Registered Nurse here


----------



## Bro Bundy (Jul 20, 2014)

crack dealer


----------



## StoliFTW (Jul 20, 2014)

Forecasting Analyst .... 

Sent via Mobile


----------



## PillarofBalance (Jul 20, 2014)

Administrator


----------



## losieloos (Jul 20, 2014)

I collect pennies and then take them to the bank and then exchange for paper money.


----------



## stonetag (Jul 20, 2014)

losieloos said:


> I collect pennies and then take them to the bank and then exchange for paper money.


Give me your addy and I'll send you a bucket of them.


----------



## stonetag (Jul 20, 2014)

Brother Bundy said:


> crack dealer


How's biz. brother? any competition?


----------



## IronSoul (Jul 20, 2014)

Fix defects in car paint in new cars


----------



## M_T Pockets (Jul 20, 2014)

Pro 21 player


----------



## Rumpy (Jul 20, 2014)

Something to do with Cats


----------



## Seeker (Jul 20, 2014)

Transportation Sales, Warehousing and Distribution.


----------



## ECKSRATED (Jul 20, 2014)

Work for the post office.


----------



## Luscious Lei (Jul 20, 2014)

Design Director


----------



## LeanHerm (Jul 20, 2014)

Water plant operator/bio chemist.   Yeah my grammar isn't the best but I'm not dumb.
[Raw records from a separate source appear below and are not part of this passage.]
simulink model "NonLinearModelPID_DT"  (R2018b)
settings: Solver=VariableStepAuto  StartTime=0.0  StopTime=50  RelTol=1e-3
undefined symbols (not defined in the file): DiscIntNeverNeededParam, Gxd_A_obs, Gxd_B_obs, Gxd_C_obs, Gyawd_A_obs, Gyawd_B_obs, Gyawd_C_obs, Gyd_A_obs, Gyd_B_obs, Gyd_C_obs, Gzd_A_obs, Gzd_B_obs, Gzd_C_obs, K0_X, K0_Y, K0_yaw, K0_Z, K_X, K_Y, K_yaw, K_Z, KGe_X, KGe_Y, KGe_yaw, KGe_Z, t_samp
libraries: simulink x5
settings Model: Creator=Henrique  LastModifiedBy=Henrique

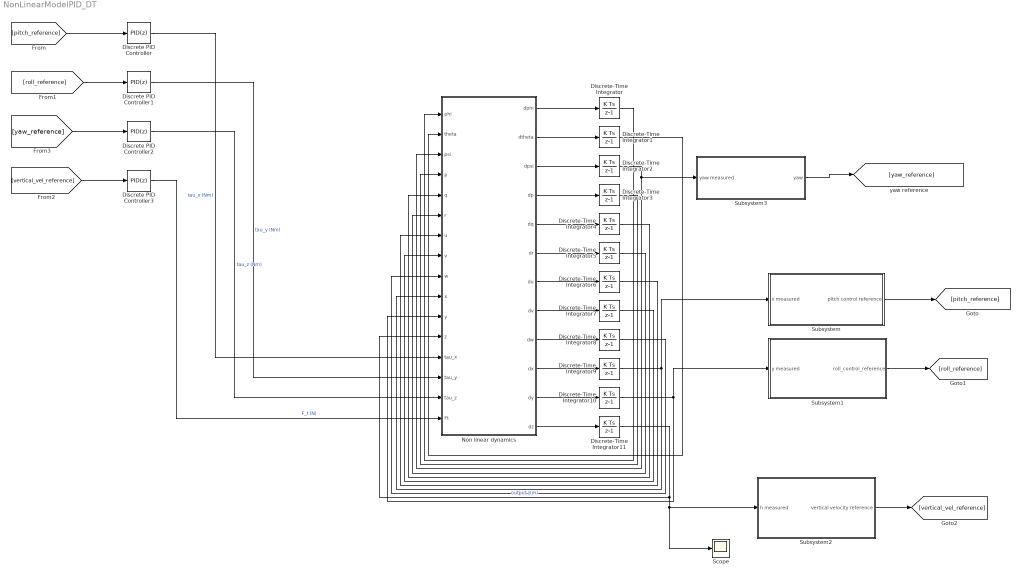
== system NonLinearModelPID_DT ==
  Discrete PID Controller : simulink/Continuous/PID Controller  Controller=PID  Form=Parallel  TimeDomain=Discrete-time  SampleTime=-1  IntegratorMethod=Forward Euler  FilterMethod=Forward Euler  ControllerParametersSource=internal  P=-0.0333564660904056  I=-0.00367562518786493  D=0.0674784843331279  UseFilter=on  N=0.484796452160315  TunerSelectOption=Transfer Function Based (PID Tuner App)  InitialConditionSource=internal  InitialConditionForIntegrator=0  InitialConditionForFilter=0  DifferentiatorICPrevScaledInput=0  ExternalReset=none  TrackingMode=off  Kt=1  LimitOutput=off  UpperSaturationLimit=inf  LowerSaturationLimit=-inf  LinearizeAsGain=off  AntiWindupMode=none  Kb=1  POutMin=[]  POutMax=[]  IOutMin=[]  IOutMax=[]  DOutMin=[]  DOutMax=[]  NOutMin=[]  NOutMax=[]  SumOutMin=[]  SumOutMax=[]  SaturationOutMin=[]  SaturationOutMax=[]  PParamMin=[]  PParamMax=[]  IParamMin=[]  IParamMax=[]  DParamMin=[]  DParamMax=[]  NParamMin=[]  NParamMax=[]  KbParamMin=[]  KbParamMax=[]  KtParamMin=[]  KtParamMax=[]  KbOutMin=[]  KbOutMax=[]  KtOutMin=[]  KtOutMax=[]  IntegratorOutMin=[]  IntegratorOutMax=[]  FilterOutMin=[]  FilterOutMax=[]  SumI1OutMin=[]  SumI1OutMax=[]  SumI2OutMin=[]  SumI2OutMax=[]  SumI3OutMin=[]  SumI3OutMax=[]  SumI4OutMin=[]  SumI4OutMax=[]  SumDOutMin=[]  SumDOutMax=[]  DifferentiatorOutMin=[]  DifferentiatorOutMax=[]  FilterDiffOutCoefMin=[]  FilterDiffOutCoefMax=[]  ReciprocalOutMin=[]  ReciprocalOutMax=[]  SumDenOutMin=[]  SumDenOutMax=[]  SumNumOutMin=[]  SumNumOutMax=[]  DivideOutMin=[]  DivideOutMax=[]  IntegratorContinuousStateAttributes=''  IntegratorStateMustResolveToSignalObject=off  IntegratorRTWStateStorageClass=Auto  FilterContinuousStateAttributes=''  FilterStateMustResolveToSignalObject=off  FilterRTWStateStorageClass=Auto  ParallelPVariant=InternalParameters  IdealPVariant=Disabled  IVariant=InternalParameters  DVariant=InternalParameters  IntegratorVariant=Discrete  SatVariant=Disabled  AWVariant=Passthrough  PCopyVariant=Disabled  TRVariant=Disabled  FdbkBlocksVariant=Forward  IdealPFdbkVariant=Disabled  SatFdbkVariant=Disabled  DerivativeFilterVariant=ForwardEulerFilter  NVariant=InternalParameters  NCopyVariant=Disabled  FilterICVariant=InternalICsFilter  IntegratorICVariant=InternalICs  ExternalResetVariant=Disabled  TRSumVariant=Passthrough  SumFdbkVariant=Disabled  SumVariant=Sum_PID
  Discrete PID Controller1 : simulink/Continuous/PID Controller  Controller=PID  Form=Parallel  TimeDomain=Discrete-time  SampleTime=-1  IntegratorMethod=Forward Euler  FilterMethod=Forward Euler  ControllerParametersSource=internal  P=0  I=-15.3846153846154  D=0  UseFilter=on  N=100  TunerSelectOption=Transfer Function Based (PID Tuner App)  InitialConditionSource=internal  InitialConditionForIntegrator=0  InitialConditionForFilter=0  DifferentiatorICPrevScaledInput=0  ExternalReset=none  TrackingMode=off  Kt=1  LimitOutput=off  UpperSaturationLimit=inf  LowerSaturationLimit=-inf  LinearizeAsGain=off  AntiWindupMode=none  Kb=1  POutMin=[]  POutMax=[]  IOutMin=[]  IOutMax=[]  DOutMin=[]  DOutMax=[]  NOutMin=[]  NOutMax=[]  SumOutMin=[]  SumOutMax=[]  SaturationOutMin=[]  SaturationOutMax=[]  PParamMin=[]  PParamMax=[]  IParamMin=[]  IParamMax=[]  DParamMin=[]  DParamMax=[]  NParamMin=[]  NParamMax=[]  KbParamMin=[]  KbParamMax=[]  KtParamMin=[]  KtParamMax=[]  KbOutMin=[]  KbOutMax=[]  KtOutMin=[]  KtOutMax=[]  IntegratorOutMin=[]  IntegratorOutMax=[]  FilterOutMin=[]  FilterOutMax=[]  SumI1OutMin=[]  SumI1OutMax=[]  SumI2OutMin=[]  SumI2OutMax=[]  SumI3OutMin=[]  SumI3OutMax=[]  SumI4OutMin=[]  SumI4OutMax=[]  SumDOutMin=[]  SumDOutMax=[]  DifferentiatorOutMin=[]  DifferentiatorOutMax=[]  FilterDiffOutCoefMin=[]  FilterDiffOutCoefMax=[]  ReciprocalOutMin=[]  ReciprocalOutMax=[]  SumDenOutMin=[]  SumDenOutMax=[]  SumNumOutMin=[]  SumNumOutMax=[]  DivideOutMin=[]  DivideOutMax=[]  IntegratorContinuousStateAttributes=''  IntegratorStateMustResolveToSignalObject=off  IntegratorRTWStateStorageClass=Auto  FilterContinuousStateAttributes=''  FilterStateMustResolveToSignalObject=off  FilterRTWStateStorageClass=Auto  ParallelPVariant=InternalParameters  IdealPVariant=Disabled  IVariant=InternalParameters  DVariant=InternalParameters  IntegratorVariant=Discrete  SatVariant=Disabled  AWVariant=Passthrough  PCopyVariant=Disabled  TRVariant=Disabled  FdbkBlocksVariant=Forward  IdealPFdbkVariant=Disabled  SatFdbkVariant=Disabled  DerivativeFilterVariant=ForwardEulerFilter  NVariant=InternalParameters  NCopyVariant=Disabled  FilterICVariant=InternalICsFilter  IntegratorICVariant=InternalICs  ExternalResetVariant=Disabled  TRSumVariant=Passthrough  SumFdbkVariant=Disabled  SumVariant=Sum_PID
  Discrete PID Controller2 : simulink/Continuous/PID Controller  Controller=PID  Form=Parallel  TimeDomain=Discrete-time  SampleTime=-1  IntegratorMethod=Forward Euler  FilterMethod=Forward Euler  ControllerParametersSource=internal  P=0.543386875523055  I=0.00238070680971624  D=-18.3910670245527  UseFilter=on  N=0.0295136960787654  TunerSelectOption=Transfer Function Based (PID Tuner App)  InitialConditionSource=internal  InitialConditionForIntegrator=0  InitialConditionForFilter=0  DifferentiatorICPrevScaledInput=0  ExternalReset=none  TrackingMode=off  Kt=1  LimitOutput=off  UpperSaturationLimit=inf  LowerSaturationLimit=-inf  LinearizeAsGain=off  AntiWindupMode=none  Kb=1  POutMin=[]  POutMax=[]  IOutMin=[]  IOutMax=[]  DOutMin=[]  DOutMax=[]  NOutMin=[]  NOutMax=[]  SumOutMin=[]  SumOutMax=[]  SaturationOutMin=[]  SaturationOutMax=[]  PParamMin=[]  PParamMax=[]  IParamMin=[]  IParamMax=[]  DParamMin=[]  DParamMax=[]  NParamMin=[]  NParamMax=[]  KbParamMin=[]  KbParamMax=[]  KtParamMin=[]  KtParamMax=[]  KbOutMin=[]  KbOutMax=[]  KtOutMin=[]  KtOutMax=[]  IntegratorOutMin=[]  IntegratorOutMax=[]  FilterOutMin=[]  FilterOutMax=[]  SumI1OutMin=[]  SumI1OutMax=[]  SumI2OutMin=[]  SumI2OutMax=[]  SumI3OutMin=[]  SumI3OutMax=[]  SumI4OutMin=[]  SumI4OutMax=[]  SumDOutMin=[]  SumDOutMax=[]  DifferentiatorOutMin=[]  DifferentiatorOutMax=[]  FilterDiffOutCoefMin=[]  FilterDiffOutCoefMax=[]  ReciprocalOutMin=[]  ReciprocalOutMax=[]  SumDenOutMin=[]  SumDenOutMax=[]  SumNumOutMin=[]  SumNumOutMax=[]  DivideOutMin=[]  DivideOutMax=[]  IntegratorContinuousStateAttributes=''  IntegratorStateMustResolveToSignalObject=off  IntegratorRTWStateStorageClass=Auto  FilterContinuousStateAttributes=''  FilterStateMustResolveToSignalObject=off  FilterRTWStateStorageClass=Auto  ParallelPVariant=InternalParameters  IdealPVariant=Disabled  IVariant=InternalParameters  DVariant=InternalParameters  IntegratorVariant=Discrete  SatVariant=Disabled  AWVariant=Passthrough  PCopyVariant=Disabled  TRVariant=Disabled  FdbkBlocksVariant=Forward  IdealPFdbkVariant=Disabled  SatFdbkVariant=Disabled  DerivativeFilterVariant=ForwardEulerFilter  NVariant=InternalParameters  NCopyVariant=Disabled  FilterICVariant=InternalICsFilter  IntegratorICVariant=InternalICs  ExternalResetVariant=Disabled  TRSumVariant=Passthrough  SumFdbkVariant=Disabled  SumVariant=Sum_PID
  Discrete PID Controller3 : simulink/Continuous/PID Controller  Controller=PID  Form=Parallel  TimeDomain=Discrete-time  SampleTime=-1  IntegratorMethod=Forward Euler  FilterMethod=Forward Euler  ControllerParametersSource=internal  P=0.976339800048944  I=0.0350960697623535  D=-5.13778024139935  UseFilter=on  N=0.188645718555451  TunerSelectOption=Transfer Function Based (PID Tuner App)  InitialConditionSource=internal  InitialConditionForIntegrator=0  InitialConditionForFilter=0  DifferentiatorICPrevScaledInput=0  ExternalReset=none  TrackingMode=off  Kt=1  LimitOutput=off  UpperSaturationLimit=inf  LowerSaturationLimit=-inf  LinearizeAsGain=off  AntiWindupMode=none  Kb=1  POutMin=[]  POutMax=[]  IOutMin=[]  IOutMax=[]  DOutMin=[]  DOutMax=[]  NOutMin=[]  NOutMax=[]  SumOutMin=[]  SumOutMax=[]  SaturationOutMin=[]  SaturationOutMax=[]  PParamMin=[]  PParamMax=[]  IParamMin=[]  IParamMax=[]  DParamMin=[]  DParamMax=[]  NParamMin=[]  NParamMax=[]  KbParamMin=[]  KbParamMax=[]  KtParamMin=[]  KtParamMax=[]  KbOutMin=[]  KbOutMax=[]  KtOutMin=[]  KtOutMax=[]  IntegratorOutMin=[]  IntegratorOutMax=[]  FilterOutMin=[]  FilterOutMax=[]  SumI1OutMin=[]  SumI1OutMax=[]  SumI2OutMin=[]  SumI2OutMax=[]  SumI3OutMin=[]  SumI3OutMax=[]  SumI4OutMin=[]  SumI4OutMax=[]  SumDOutMin=[]  SumDOutMax=[]  DifferentiatorOutMin=[]  DifferentiatorOutMax=[]  FilterDiffOutCoefMin=[]  FilterDiffOutCoefMax=[]  ReciprocalOutMin=[]  ReciprocalOutMax=[]  SumDenOutMin=[]  SumDenOutMax=[]  SumNumOutMin=[]  SumNumOutMax=[]  DivideOutMin=[]  DivideOutMax=[]  IntegratorContinuousStateAttributes=''  IntegratorStateMustResolveToSignalObject=off  IntegratorRTWStateStorageClass=Auto  FilterContinuousStateAttributes=''  FilterStateMustResolveToSignalObject=off  FilterRTWStateStorageClass=Auto  ParallelPVariant=InternalParameters  IdealPVariant=Disabled  IVariant=InternalParameters  DVariant=InternalParameters  IntegratorVariant=Discrete  SatVariant=Disabled  AWVariant=Passthrough  PCopyVariant=Disabled  TRVariant=Disabled  FdbkBlocksVariant=Forward  IdealPFdbkVariant=Disabled  SatFdbkVariant=Disabled  DerivativeFilterVariant=ForwardEulerFilter  NVariant=InternalParameters  NCopyVariant=Disabled  FilterICVariant=InternalICsFilter  IntegratorICVariant=InternalICs  ExternalResetVariant=Disabled  TRSumVariant=Passthrough  SumFdbkVariant=Disabled  SumVariant=Sum_PID
  Discrete-Time Integrator{,1..11} (12 alike) : DiscreteIntegrator  SampleTime=-1  ICPrevOutput=DiscIntNeverNeededParam  ICPrevScaledInput=DiscIntNeverNeededParam
  "Non linear dynamics " : MATLAB Function  TreatAsAtomicUnit=on
  Scope : Scope
  Subsystem : Subsystem
  Subsystem1 : Subsystem
  Subsystem2 : Subsystem
  Subsystem3 : Subsystem
  wires:
  Discrete PID Controller3/1 -> "Non linear dynamics "/16(Ft)  "F_t (N)"
  Discrete-Time Integrator2/1 -> Subsystem3/1(yaw measured), "Non linear dynamics "/3(psi)
  Discrete PID Controller/1 -> "Non linear dynamics "/13(tau_x)  "tau_x (Nm)"
  [vertical_vel_reference] -> Discrete PID Controller3/1
  [pitch_reference] -> Discrete PID Controller/1
  Discrete PID Controller2/1 -> "Non linear dynamics "/15(tau_z)  "tau_z (Nm)"
  Discrete PID Controller1/1 -> "Non linear dynamics "/14(tau_y)  "tau_y (Nm)"
  Discrete-Time Integrator/1 -> "Non linear dynamics "/1(phi)
  [roll_reference] -> Discrete PID Controller1/1
  Discrete-Time Integrator1/1 -> "Non linear dynamics "/2(theta)
  "Non linear dynamics "/1(dphi) -> Discrete-Time Integrator/1
  "Non linear dynamics "/2(dtheta) -> Discrete-Time Integrator1/1
  "Non linear dynamics "/3(dpsi) -> Discrete-Time Integrator2/1
  "Non linear dynamics "/4(dp) -> Discrete-Time Integrator3/1
  "Non linear dynamics "/5(dq) -> Discrete-Time Integrator4/1
  "Non linear dynamics "/6(dr) -> Discrete-Time Integrator5/1
  "Non linear dynamics "/7(du) -> Discrete-Time Integrator6/1
  "Non linear dynamics "/8(dv) -> Discrete-Time Integrator7/1
  "Non linear dynamics "/11(dy) -> Discrete-Time Integrator10/1
  "Non linear dynamics "/12(dz) -> Discrete-Time Integrator11/1
  Discrete-Time Integrator3/1 -> "Non linear dynamics "/4(p)
  Discrete-Time Integrator4/1 -> "Non linear dynamics "/5(q)
  Discrete-Time Integrator5/1 -> "Non linear dynamics "/6(r)
  Discrete-Time Integrator6/1 -> "Non linear dynamics "/7(u)
  Discrete-Time Integrator7/1 -> "Non linear dynamics "/8(v)
  Discrete-Time Integrator8/1 -> "Non linear dynamics "/9(w)
  Discrete-Time Integrator9/1 -> "Non linear dynamics "/10(x), Subsystem/1(x measured)
  "Non linear dynamics "/9(dw) -> Discrete-Time Integrator8/1
  "Non linear dynamics "/10(dx) -> Discrete-Time Integrator9/1
  Discrete-Time Integrator10/1 -> "Non linear dynamics "/11(y), Subsystem1/1(y measured)
  Discrete-Time Integrator11/1 -> Scope/1, Subsystem2/1(h measured), "Non linear dynamics "/12(z)  "output z(m)"
  Subsystem/1("pitch control reference ") -> [pitch_reference]
  Subsystem1/1("roll_control_reference ") -> [roll_reference]
  Subsystem2/1("vertical velocity reference ") -> [vertical_vel_reference]
  Subsystem3/1("yaw ") -> [yaw_reference]
  [yaw_reference] -> Discrete PID Controller2/1

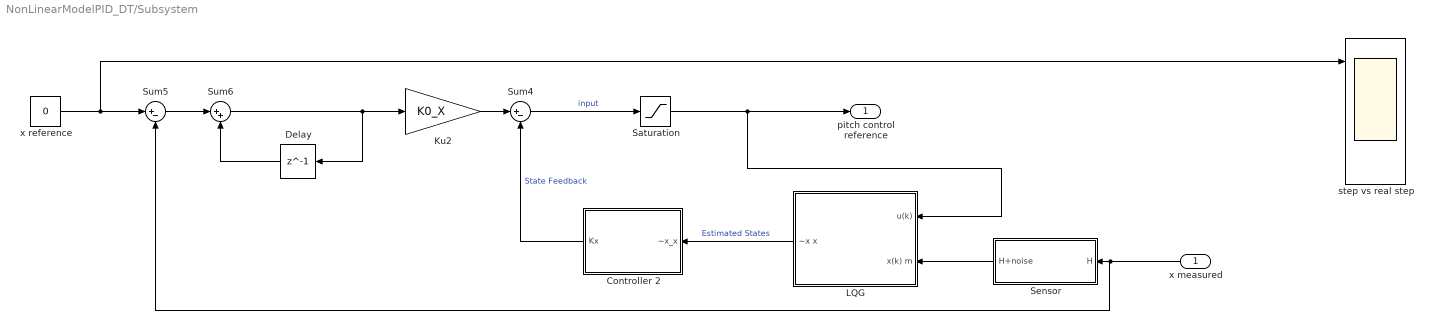
== system NonLinearModelPID_DT/Subsystem ==
  x measured : Inport
  Controller 2 : Subsystem
  Delay : Delay  DelayLength=1  InitialCondition=0
  Ku2 : Gain  Gain=K0_X
  LQG : Subsystem
  Saturation : Saturate  UpperLimit=1  LowerLimit=-1
  Sensor : Subsystem
  Sum4 : Sum  Inputs=|+-
  Sum5 : Sum  Inputs=|+-
  Sum6 : Sum  Inputs=|++
  "step vs real step " : Scope  NumInputPorts=3
  x reference : Constant  Value=0
  "pitch control reference " : Outport
  wires:
  Sum5/1 -> Sum6/1
  Delay/1 -> Sum6/2
  LQG/1("~x x ") -> Controller 2/1(~x_x)  "Estimated States"
  x reference/1 -> Sum5/1, "step vs real step "/1
  Sensor/1(H+noise) -> LQG/2(x(k) m)
  Ku2/1 -> Sum4/1
  Sum6/1 -> Ku2/1, Delay/1
  Controller 2/1(Kx) -> Sum4/2  "State Feedback"
  x measured/1 -> Sum5/2, Sensor/1(H)
  Sum4/1 -> Saturation/1  "input"
  Saturation/1 -> LQG/1(u(k)), "pitch control reference "/1

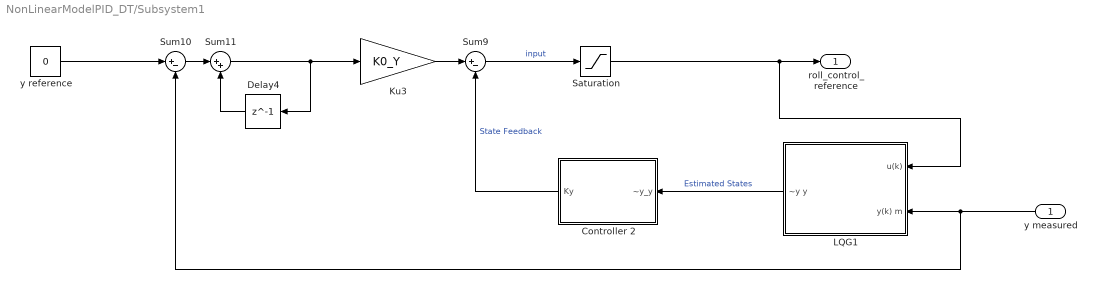
== system NonLinearModelPID_DT/Subsystem1 ==
  y measured : Inport
  Controller 2 : Subsystem
  Delay4 : Delay  DelayLength=1  InitialCondition=0
  Ku3 : Gain  Gain=K0_Y
  LQG1 : Subsystem
  Saturation : Saturate  UpperLimit=1  LowerLimit=-1
  Sum10 : Sum  Inputs=|+-
  Sum11 : Sum  Inputs=|++
  Sum9 : Sum  Inputs=|+-
  y reference : Constant  Value=0
  "roll_control_reference " : Outport
  wires:
  LQG1/1("~y y ") -> Controller 2/1(~y_y)  "Estimated States"
  Sum11/1 -> Delay4/1, Ku3/1
  y reference/1 -> Sum10/1
  Delay4/1 -> Sum11/2
  Sum10/1 -> Sum11/1
  Ku3/1 -> Sum9/1
  y measured/1 -> Sum10/2, LQG1/2(y(k) m)
  Controller 2/1(Ky) -> Sum9/2  "State Feedback"
  Sum9/1 -> Saturation/1  "input"
  Saturation/1 -> LQG1/1(u(k)), "roll_control_reference "/1

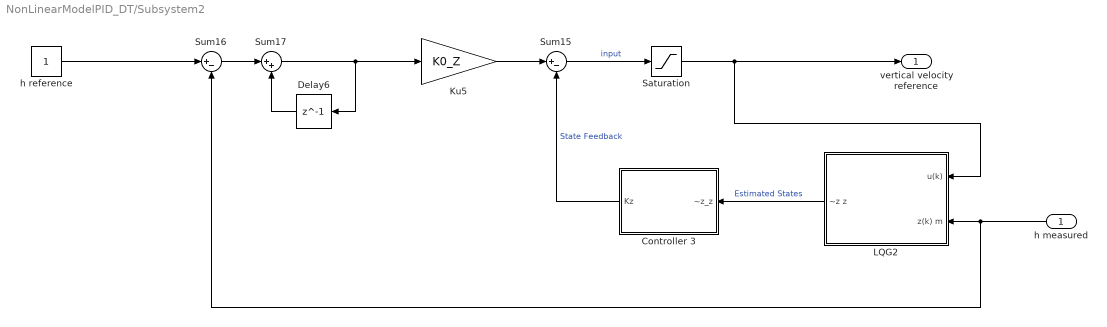
== system NonLinearModelPID_DT/Subsystem2 ==
  h measured : Inport
  Controller 3 : Subsystem
  Delay6 : Delay  DelayLength=1  InitialCondition=0
  Ku5 : Gain  Gain=K0_Z
  LQG2 : Subsystem
  Saturation : Saturate  UpperLimit=1  LowerLimit=-1
  Sum15 : Sum  Inputs=|+-
  Sum16 : Sum  Inputs=|+-
  Sum17 : Sum  Inputs=|++
  h reference : Constant
  "vertical velocity reference " : Outport
  wires:
  Delay6/1 -> Sum17/2
  h measured/1 -> Sum16/2, LQG2/2(z(k) m)
  h reference/1 -> Sum16/1
  LQG2/1("~z z ") -> Controller 3/1(~z_z)  "Estimated States"
  Ku5/1 -> Sum15/1
  Controller 3/1(Kz) -> Sum15/2  "State Feedback"
  Sum17/1 -> Ku5/1, Delay6/1
  Sum16/1 -> Sum17/1
  Sum15/1 -> Saturation/1  "input"
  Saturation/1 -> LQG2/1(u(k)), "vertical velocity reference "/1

Lol


----------



## TriniJuice (Jul 20, 2014)

I just hit shxt w/a hammer....simple


----------



## TheLupinator (Jul 20, 2014)

I middleman crack to BB


----------



## transcend2007 (Jul 20, 2014)

Internet marketing (not porn so don't ask for freebies)....


----------



## AlphaD (Jul 20, 2014)

Seeker said:


> Transportation Sales, Warehousing and Distribution.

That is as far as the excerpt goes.